## Problem statement
Narrow the data below down to the lines containing "Varga".
··········
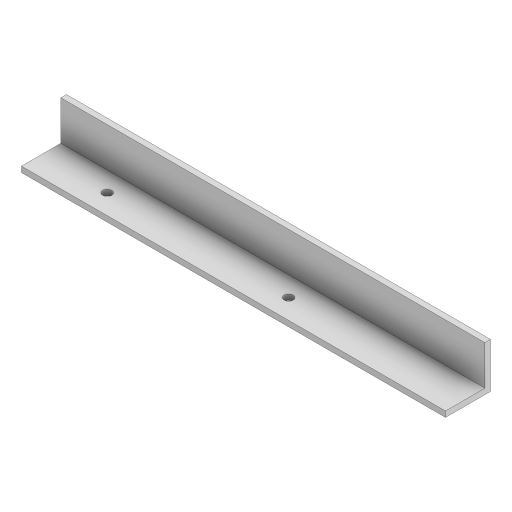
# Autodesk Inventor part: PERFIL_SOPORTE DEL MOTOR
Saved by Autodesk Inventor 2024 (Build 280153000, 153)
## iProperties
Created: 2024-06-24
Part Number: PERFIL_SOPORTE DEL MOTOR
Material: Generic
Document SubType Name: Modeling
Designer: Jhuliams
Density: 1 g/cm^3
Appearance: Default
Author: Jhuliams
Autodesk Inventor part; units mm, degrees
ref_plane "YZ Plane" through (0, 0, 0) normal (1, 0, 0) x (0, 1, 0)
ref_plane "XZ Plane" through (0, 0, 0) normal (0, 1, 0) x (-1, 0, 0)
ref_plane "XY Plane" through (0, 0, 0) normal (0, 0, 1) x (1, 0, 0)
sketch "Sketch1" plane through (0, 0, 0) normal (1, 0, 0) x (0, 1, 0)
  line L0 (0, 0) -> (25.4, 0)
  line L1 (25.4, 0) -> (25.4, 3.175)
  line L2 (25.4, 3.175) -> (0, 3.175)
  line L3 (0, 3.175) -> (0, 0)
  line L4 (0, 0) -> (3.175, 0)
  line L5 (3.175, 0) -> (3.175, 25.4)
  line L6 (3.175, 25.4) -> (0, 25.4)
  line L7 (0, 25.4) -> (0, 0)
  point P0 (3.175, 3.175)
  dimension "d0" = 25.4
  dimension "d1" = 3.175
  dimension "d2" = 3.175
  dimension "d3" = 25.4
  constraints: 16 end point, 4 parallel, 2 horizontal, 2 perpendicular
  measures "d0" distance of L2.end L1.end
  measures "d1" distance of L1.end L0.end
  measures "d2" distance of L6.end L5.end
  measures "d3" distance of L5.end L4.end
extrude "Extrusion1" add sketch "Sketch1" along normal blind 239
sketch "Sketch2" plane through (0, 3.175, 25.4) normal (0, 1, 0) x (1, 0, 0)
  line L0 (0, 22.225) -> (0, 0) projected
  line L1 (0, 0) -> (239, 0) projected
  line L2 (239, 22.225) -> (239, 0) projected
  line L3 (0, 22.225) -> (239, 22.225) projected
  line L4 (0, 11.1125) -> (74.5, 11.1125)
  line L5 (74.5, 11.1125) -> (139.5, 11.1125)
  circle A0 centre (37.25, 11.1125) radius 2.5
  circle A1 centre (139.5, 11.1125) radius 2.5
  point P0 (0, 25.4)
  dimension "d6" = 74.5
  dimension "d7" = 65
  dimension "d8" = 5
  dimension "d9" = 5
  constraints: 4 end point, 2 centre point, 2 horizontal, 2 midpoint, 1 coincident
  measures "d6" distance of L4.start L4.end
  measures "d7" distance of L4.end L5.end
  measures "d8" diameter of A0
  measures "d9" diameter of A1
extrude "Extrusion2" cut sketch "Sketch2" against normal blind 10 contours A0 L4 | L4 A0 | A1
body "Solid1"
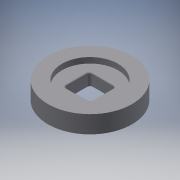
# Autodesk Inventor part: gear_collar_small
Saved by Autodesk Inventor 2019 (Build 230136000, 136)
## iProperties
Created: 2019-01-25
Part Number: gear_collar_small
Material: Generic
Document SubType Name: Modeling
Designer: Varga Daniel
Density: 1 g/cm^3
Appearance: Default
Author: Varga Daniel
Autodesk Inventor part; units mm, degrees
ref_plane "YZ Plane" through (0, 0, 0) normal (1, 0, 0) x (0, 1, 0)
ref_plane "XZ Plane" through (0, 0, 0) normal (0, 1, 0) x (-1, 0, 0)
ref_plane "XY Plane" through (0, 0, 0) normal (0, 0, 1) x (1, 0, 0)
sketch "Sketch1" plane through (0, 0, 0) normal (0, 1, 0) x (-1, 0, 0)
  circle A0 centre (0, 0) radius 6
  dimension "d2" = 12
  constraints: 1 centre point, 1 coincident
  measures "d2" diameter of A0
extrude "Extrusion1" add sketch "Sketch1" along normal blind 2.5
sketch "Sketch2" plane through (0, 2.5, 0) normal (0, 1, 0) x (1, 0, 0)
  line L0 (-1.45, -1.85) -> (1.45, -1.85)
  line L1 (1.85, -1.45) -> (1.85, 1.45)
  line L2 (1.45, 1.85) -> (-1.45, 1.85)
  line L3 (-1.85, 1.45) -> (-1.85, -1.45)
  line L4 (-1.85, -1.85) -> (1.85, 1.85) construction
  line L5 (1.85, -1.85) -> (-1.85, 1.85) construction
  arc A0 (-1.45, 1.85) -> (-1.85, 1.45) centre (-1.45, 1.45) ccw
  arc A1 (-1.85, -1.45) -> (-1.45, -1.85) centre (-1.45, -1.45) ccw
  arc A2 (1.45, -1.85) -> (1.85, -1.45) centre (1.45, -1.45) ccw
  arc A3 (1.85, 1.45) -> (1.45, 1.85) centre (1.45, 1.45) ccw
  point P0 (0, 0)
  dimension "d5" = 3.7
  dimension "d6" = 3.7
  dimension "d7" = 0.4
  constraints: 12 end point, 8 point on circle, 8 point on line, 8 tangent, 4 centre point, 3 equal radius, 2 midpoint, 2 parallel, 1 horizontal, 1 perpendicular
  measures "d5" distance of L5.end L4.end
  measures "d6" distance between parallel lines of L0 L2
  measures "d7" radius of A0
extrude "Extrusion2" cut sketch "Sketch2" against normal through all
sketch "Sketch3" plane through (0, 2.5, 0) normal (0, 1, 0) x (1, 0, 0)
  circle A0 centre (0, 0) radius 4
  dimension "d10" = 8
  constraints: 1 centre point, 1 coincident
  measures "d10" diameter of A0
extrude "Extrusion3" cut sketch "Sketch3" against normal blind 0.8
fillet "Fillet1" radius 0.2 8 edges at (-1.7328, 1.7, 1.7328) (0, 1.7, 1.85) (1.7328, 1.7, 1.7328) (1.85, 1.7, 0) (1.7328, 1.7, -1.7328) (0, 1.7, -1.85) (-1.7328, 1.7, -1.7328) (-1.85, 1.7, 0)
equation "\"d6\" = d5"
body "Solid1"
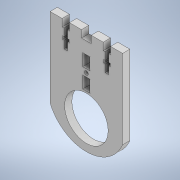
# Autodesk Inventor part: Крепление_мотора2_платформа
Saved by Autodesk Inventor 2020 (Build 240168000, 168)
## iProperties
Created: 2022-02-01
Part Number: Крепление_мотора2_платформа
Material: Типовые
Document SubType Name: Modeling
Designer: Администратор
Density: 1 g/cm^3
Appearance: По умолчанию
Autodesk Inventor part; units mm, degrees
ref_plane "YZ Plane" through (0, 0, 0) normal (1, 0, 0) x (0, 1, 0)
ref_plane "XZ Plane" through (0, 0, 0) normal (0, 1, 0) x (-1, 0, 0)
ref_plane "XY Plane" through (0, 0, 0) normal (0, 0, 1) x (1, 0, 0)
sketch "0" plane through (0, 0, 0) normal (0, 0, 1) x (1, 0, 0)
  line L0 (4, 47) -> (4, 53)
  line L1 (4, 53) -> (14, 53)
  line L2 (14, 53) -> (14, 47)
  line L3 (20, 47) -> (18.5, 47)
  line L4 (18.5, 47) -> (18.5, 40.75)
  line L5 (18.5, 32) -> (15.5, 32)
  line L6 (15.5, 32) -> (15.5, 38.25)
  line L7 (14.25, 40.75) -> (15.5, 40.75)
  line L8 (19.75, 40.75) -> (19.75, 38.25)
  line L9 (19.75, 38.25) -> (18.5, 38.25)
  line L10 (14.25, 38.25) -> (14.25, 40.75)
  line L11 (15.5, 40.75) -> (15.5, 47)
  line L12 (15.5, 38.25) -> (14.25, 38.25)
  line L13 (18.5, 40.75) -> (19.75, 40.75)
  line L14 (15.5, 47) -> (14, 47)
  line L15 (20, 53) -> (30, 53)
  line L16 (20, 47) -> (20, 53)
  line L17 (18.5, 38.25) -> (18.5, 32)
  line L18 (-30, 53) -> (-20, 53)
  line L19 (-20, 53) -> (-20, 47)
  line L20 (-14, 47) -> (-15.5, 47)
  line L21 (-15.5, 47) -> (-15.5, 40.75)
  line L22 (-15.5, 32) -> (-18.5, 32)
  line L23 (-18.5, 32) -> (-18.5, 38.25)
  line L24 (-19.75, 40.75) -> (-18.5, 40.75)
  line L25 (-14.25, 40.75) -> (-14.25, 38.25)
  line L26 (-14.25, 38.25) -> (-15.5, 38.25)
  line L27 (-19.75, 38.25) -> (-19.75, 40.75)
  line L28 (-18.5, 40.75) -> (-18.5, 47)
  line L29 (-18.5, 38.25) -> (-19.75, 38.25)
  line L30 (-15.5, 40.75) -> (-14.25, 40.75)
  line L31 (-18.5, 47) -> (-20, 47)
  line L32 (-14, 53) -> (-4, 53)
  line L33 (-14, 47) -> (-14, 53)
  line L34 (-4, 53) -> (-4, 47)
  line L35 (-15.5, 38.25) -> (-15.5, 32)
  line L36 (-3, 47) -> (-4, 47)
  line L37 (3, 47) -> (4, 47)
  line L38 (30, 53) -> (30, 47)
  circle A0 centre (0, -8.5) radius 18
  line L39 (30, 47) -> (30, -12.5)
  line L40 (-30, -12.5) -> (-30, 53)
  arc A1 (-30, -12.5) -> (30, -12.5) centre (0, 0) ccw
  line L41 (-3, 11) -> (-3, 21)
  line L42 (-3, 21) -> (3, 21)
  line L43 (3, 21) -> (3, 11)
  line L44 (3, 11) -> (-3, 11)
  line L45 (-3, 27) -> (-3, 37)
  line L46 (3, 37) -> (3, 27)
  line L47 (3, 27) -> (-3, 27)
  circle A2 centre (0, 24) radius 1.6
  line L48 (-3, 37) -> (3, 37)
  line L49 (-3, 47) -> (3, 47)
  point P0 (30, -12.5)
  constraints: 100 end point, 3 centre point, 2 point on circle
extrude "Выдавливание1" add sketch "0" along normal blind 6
··········
## Response area
Designer: Varga Daniel
Author: Varga Daniel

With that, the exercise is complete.